● **EXERCISE INPUTS**:
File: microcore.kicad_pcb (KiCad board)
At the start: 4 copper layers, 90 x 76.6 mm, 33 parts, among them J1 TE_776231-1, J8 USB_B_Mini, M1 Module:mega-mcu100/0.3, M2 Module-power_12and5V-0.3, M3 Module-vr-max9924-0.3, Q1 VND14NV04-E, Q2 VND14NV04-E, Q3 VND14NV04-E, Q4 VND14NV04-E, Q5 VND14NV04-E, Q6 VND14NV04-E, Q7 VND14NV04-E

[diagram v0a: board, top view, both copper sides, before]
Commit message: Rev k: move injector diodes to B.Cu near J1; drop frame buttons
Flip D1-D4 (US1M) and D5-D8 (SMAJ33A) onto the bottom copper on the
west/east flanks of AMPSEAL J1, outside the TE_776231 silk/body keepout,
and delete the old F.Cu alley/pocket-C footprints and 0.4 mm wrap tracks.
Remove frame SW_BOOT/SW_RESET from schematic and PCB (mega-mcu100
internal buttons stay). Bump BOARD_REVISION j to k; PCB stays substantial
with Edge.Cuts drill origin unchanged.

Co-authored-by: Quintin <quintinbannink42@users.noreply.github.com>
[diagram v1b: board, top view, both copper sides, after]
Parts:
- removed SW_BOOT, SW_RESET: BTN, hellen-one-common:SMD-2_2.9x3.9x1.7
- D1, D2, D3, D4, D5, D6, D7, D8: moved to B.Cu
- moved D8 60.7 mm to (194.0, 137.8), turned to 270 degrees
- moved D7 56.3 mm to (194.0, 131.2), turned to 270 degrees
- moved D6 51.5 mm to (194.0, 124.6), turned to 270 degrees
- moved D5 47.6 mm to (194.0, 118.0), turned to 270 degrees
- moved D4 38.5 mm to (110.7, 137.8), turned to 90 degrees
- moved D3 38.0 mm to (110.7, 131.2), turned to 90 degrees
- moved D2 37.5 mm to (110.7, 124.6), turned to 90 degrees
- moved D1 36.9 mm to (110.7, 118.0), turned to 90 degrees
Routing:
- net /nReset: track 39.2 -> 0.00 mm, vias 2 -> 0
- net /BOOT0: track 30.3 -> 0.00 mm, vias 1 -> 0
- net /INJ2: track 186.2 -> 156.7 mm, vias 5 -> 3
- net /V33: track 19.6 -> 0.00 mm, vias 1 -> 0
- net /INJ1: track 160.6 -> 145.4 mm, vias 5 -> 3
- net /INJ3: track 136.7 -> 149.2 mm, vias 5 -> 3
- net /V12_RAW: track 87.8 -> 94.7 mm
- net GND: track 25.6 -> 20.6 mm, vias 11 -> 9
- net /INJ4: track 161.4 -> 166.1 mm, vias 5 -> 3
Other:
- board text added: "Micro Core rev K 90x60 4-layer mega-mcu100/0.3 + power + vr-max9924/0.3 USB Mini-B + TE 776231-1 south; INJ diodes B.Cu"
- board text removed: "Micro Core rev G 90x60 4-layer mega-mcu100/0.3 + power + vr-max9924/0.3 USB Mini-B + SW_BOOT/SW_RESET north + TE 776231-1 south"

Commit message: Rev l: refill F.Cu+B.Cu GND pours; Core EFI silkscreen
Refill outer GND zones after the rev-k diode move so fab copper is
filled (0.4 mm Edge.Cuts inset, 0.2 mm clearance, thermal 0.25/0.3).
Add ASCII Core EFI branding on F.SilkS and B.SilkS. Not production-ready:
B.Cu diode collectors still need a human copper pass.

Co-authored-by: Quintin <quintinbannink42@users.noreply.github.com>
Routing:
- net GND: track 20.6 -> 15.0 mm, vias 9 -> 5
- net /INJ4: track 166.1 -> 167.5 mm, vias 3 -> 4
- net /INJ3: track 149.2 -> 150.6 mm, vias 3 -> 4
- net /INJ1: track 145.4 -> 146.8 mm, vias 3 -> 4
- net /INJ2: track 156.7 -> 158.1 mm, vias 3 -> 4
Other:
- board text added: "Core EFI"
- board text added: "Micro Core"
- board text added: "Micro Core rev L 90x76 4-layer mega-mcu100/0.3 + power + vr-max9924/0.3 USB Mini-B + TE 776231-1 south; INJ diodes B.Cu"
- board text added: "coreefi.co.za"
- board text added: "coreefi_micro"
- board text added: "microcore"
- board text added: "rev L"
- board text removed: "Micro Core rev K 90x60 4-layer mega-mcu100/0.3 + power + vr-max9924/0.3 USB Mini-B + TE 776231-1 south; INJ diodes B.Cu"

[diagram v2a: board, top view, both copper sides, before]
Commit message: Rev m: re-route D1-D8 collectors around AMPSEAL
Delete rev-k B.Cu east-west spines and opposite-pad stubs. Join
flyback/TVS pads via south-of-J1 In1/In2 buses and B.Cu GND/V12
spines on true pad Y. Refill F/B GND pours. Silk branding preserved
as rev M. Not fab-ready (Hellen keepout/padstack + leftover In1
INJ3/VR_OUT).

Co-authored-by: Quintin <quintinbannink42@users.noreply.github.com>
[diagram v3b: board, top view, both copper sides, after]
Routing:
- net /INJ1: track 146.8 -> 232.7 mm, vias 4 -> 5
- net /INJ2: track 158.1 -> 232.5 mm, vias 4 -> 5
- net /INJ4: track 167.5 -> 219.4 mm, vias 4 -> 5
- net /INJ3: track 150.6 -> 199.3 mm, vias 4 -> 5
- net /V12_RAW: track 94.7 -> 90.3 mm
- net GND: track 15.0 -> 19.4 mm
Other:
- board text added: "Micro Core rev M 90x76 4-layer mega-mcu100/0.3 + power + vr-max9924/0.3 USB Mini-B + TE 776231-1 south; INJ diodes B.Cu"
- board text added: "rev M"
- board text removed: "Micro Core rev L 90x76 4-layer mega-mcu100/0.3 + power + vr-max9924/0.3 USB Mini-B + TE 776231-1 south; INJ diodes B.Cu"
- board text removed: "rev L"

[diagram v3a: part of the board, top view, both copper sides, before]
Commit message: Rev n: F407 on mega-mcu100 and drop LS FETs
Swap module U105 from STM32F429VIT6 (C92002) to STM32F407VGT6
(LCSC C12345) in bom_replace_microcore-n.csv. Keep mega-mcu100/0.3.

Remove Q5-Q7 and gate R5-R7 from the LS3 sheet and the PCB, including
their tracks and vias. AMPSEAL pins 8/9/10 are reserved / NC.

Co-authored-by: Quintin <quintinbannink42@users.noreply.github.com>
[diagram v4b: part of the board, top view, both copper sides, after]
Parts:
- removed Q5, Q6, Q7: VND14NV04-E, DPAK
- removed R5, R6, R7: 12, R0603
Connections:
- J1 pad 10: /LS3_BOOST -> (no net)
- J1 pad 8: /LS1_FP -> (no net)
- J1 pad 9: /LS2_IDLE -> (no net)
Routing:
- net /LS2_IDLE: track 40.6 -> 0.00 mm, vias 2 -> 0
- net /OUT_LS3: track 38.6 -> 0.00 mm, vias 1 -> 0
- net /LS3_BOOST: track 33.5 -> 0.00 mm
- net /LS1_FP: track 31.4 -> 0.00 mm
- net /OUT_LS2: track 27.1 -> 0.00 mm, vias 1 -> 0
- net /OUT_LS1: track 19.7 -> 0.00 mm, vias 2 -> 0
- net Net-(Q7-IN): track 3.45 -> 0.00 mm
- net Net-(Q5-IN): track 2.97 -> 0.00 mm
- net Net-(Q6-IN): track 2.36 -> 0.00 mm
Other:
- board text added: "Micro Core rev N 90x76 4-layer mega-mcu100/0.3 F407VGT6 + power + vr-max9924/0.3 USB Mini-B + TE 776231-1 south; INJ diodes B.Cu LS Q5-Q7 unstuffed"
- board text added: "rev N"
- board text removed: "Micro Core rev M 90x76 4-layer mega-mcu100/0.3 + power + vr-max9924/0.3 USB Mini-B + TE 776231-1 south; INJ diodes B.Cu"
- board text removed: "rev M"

● **EXERCISE DETAILS**: Return all of the material precisely as written.

● **ANSWER FOR THIS EXERCISE**:
File: microcore.kicad_pcb (KiCad board)
At the start: 4 copper layers, 90 x 76.6 mm, 33 parts, among them J1 TE_776231-1, J8 USB_B_Mini, M1 Module:mega-mcu100/0.3, M2 Module-power_12and5V-0.3, M3 Module-vr-max9924-0.3, Q1 VND14NV04-E, Q2 VND14NV04-E, Q3 VND14NV04-E, Q4 VND14NV04-E, Q5 VND14NV04-E, Q6 VND14NV04-E, Q7 VND14NV04-E

[diagram v0a: board, top view, both copper sides, before]
Commit message: Rev k: move injector diodes to B.Cu near J1; drop frame buttons
Flip D1-D4 (US1M) and D5-D8 (SMAJ33A) onto the bottom copper on the
west/east flanks of AMPSEAL J1, outside the TE_776231 silk/body keepout,
and delete the old F.Cu alley/pocket-C footprints and 0.4 mm wrap tracks.
Remove frame SW_BOOT/SW_RESET from schematic and PCB (mega-mcu100
internal buttons stay). Bump BOARD_REVISION j to k; PCB stays substantial
with Edge.Cuts drill origin unchanged.

Co-authored-by: Quintin <quintinbannink42@users.noreply.github.com>
[diagram v1b: board, top view, both copper sides, after]
Parts:
- removed SW_BOOT, SW_RESET: BTN, hellen-one-common:SMD-2_2.9x3.9x1.7
- D1, D2, D3, D4, D5, D6, D7, D8: moved to B.Cu
- moved D8 60.7 mm to (194.0, 137.8), turned to 270 degrees
- moved D7 56.3 mm to (194.0, 131.2), turned to 270 degrees
- moved D6 51.5 mm to (194.0, 124.6), turned to 270 degrees
- moved D5 47.6 mm to (194.0, 118.0), turned to 270 degrees
- moved D4 38.5 mm to (110.7, 137.8), turned to 90 degrees
- moved D3 38.0 mm to (110.7, 131.2), turned to 90 degrees
- moved D2 37.5 mm to (110.7, 124.6), turned to 90 degrees
- moved D1 36.9 mm to (110.7, 118.0), turned to 90 degrees
Routing:
- net /nReset: track 39.2 -> 0.00 mm, vias 2 -> 0
- net /BOOT0: track 30.3 -> 0.00 mm, vias 1 -> 0
- net /INJ2: track 186.2 -> 156.7 mm, vias 5 -> 3
- net /V33: track 19.6 -> 0.00 mm, vias 1 -> 0
- net /INJ1: track 160.6 -> 145.4 mm, vias 5 -> 3
- net /INJ3: track 136.7 -> 149.2 mm, vias 5 -> 3
- net /V12_RAW: track 87.8 -> 94.7 mm
- net GND: track 25.6 -> 20.6 mm, vias 11 -> 9
- net /INJ4: track 161.4 -> 166.1 mm, vias 5 -> 3
Other:
- board text added: "Micro Core rev K 90x60 4-layer mega-mcu100/0.3 + power + vr-max9924/0.3 USB Mini-B + TE 776231-1 south; INJ diodes B.Cu"
- board text removed: "Micro Core rev G 90x60 4-layer mega-mcu100/0.3 + power + vr-max9924/0.3 USB Mini-B + SW_BOOT/SW_RESET north + TE 776231-1 south"

Commit message: Rev l: refill F.Cu+B.Cu GND pours; Core EFI silkscreen
Refill outer GND zones after the rev-k diode move so fab copper is
filled (0.4 mm Edge.Cuts inset, 0.2 mm clearance, thermal 0.25/0.3).
Add ASCII Core EFI branding on F.SilkS and B.SilkS. Not production-ready:
B.Cu diode collectors still need a human copper pass.

Co-authored-by: Quintin <quintinbannink42@users.noreply.github.com>
Routing:
- net GND: track 20.6 -> 15.0 mm, vias 9 -> 5
- net /INJ4: track 166.1 -> 167.5 mm, vias 3 -> 4
- net /INJ3: track 149.2 -> 150.6 mm, vias 3 -> 4
- net /INJ1: track 145.4 -> 146.8 mm, vias 3 -> 4
- net /INJ2: track 156.7 -> 158.1 mm, vias 3 -> 4
Other:
- board text added: "Core EFI"
- board text added: "Micro Core"
- board text added: "Micro Core rev L 90x76 4-layer mega-mcu100/0.3 + power + vr-max9924/0.3 USB Mini-B + TE 776231-1 south; INJ diodes B.Cu"
- board text added: "coreefi.co.za"
- board text added: "coreefi_micro"
- board text added: "microcore"
- board text added: "rev L"
- board text removed: "Micro Core rev K 90x60 4-layer mega-mcu100/0.3 + power + vr-max9924/0.3 USB Mini-B + TE 776231-1 south; INJ diodes B.Cu"

[diagram v2a: board, top view, both copper sides, before]
Commit message: Rev m: re-route D1-D8 collectors around AMPSEAL
Delete rev-k B.Cu east-west spines and opposite-pad stubs. Join
flyback/TVS pads via south-of-J1 In1/In2 buses and B.Cu GND/V12
spines on true pad Y. Refill F/B GND pours. Silk branding preserved
as rev M. Not fab-ready (Hellen keepout/padstack + leftover In1
INJ3/VR_OUT).

Co-authored-by: Quintin <quintinbannink42@users.noreply.github.com>
[diagram v3b: board, top view, both copper sides, after]
Routing:
- net /INJ1: track 146.8 -> 232.7 mm, vias 4 -> 5
- net /INJ2: track 158.1 -> 232.5 mm, vias 4 -> 5
- net /INJ4: track 167.5 -> 219.4 mm, vias 4 -> 5
- net /INJ3: track 150.6 -> 199.3 mm, vias 4 -> 5
- net /V12_RAW: track 94.7 -> 90.3 mm
- net GND: track 15.0 -> 19.4 mm
Other:
- board text added: "Micro Core rev M 90x76 4-layer mega-mcu100/0.3 + power + vr-max9924/0.3 USB Mini-B + TE 776231-1 south; INJ diodes B.Cu"
- board text added: "rev M"
- board text removed: "Micro Core rev L 90x76 4-layer mega-mcu100/0.3 + power + vr-max9924/0.3 USB Mini-B + TE 776231-1 south; INJ diodes B.Cu"
- board text removed: "rev L"

[diagram v3a: part of the board, top view, both copper sides, before]
Commit message: Rev n: F407 on mega-mcu100 and drop LS FETs
Swap module U105 from STM32F429VIT6 (C92002) to STM32F407VGT6
(LCSC C12345) in bom_replace_microcore-n.csv. Keep mega-mcu100/0.3.

Remove Q5-Q7 and gate R5-R7 from the LS3 sheet and the PCB, including
their tracks and vias. AMPSEAL pins 8/9/10 are reserved / NC.

Co-authored-by: Quintin <quintinbannink42@users.noreply.github.com>
[diagram v4b: part of the board, top view, both copper sides, after]
Parts:
- removed Q5, Q6, Q7: VND14NV04-E, DPAK
- removed R5, R6, R7: 12, R0603
Connections:
- J1 pad 10: /LS3_BOOST -> (no net)
- J1 pad 8: /LS1_FP -> (no net)
- J1 pad 9: /LS2_IDLE -> (no net)
Routing:
- net /LS2_IDLE: track 40.6 -> 0.00 mm, vias 2 -> 0
- net /OUT_LS3: track 38.6 -> 0.00 mm, vias 1 -> 0
- net /LS3_BOOST: track 33.5 -> 0.00 mm
- net /LS1_FP: track 31.4 -> 0.00 mm
- net /OUT_LS2: track 27.1 -> 0.00 mm, vias 1 -> 0
- net /OUT_LS1: track 19.7 -> 0.00 mm, vias 2 -> 0
- net Net-(Q7-IN): track 3.45 -> 0.00 mm
- net Net-(Q5-IN): track 2.97 -> 0.00 mm
- net Net-(Q6-IN): track 2.36 -> 0.00 mm
Other:
- board text added: "Micro Core rev N 90x76 4-layer mega-mcu100/0.3 F407VGT6 + power + vr-max9924/0.3 USB Mini-B + TE 776231-1 south; INJ diodes B.Cu LS Q5-Q7 unstuffed"
- board text added: "rev N"
- board text removed: "Micro Core rev M 90x76 4-layer mega-mcu100/0.3 + power + vr-max9924/0.3 USB Mini-B + TE 776231-1 south; INJ diodes B.Cu"
- board text removed: "rev M"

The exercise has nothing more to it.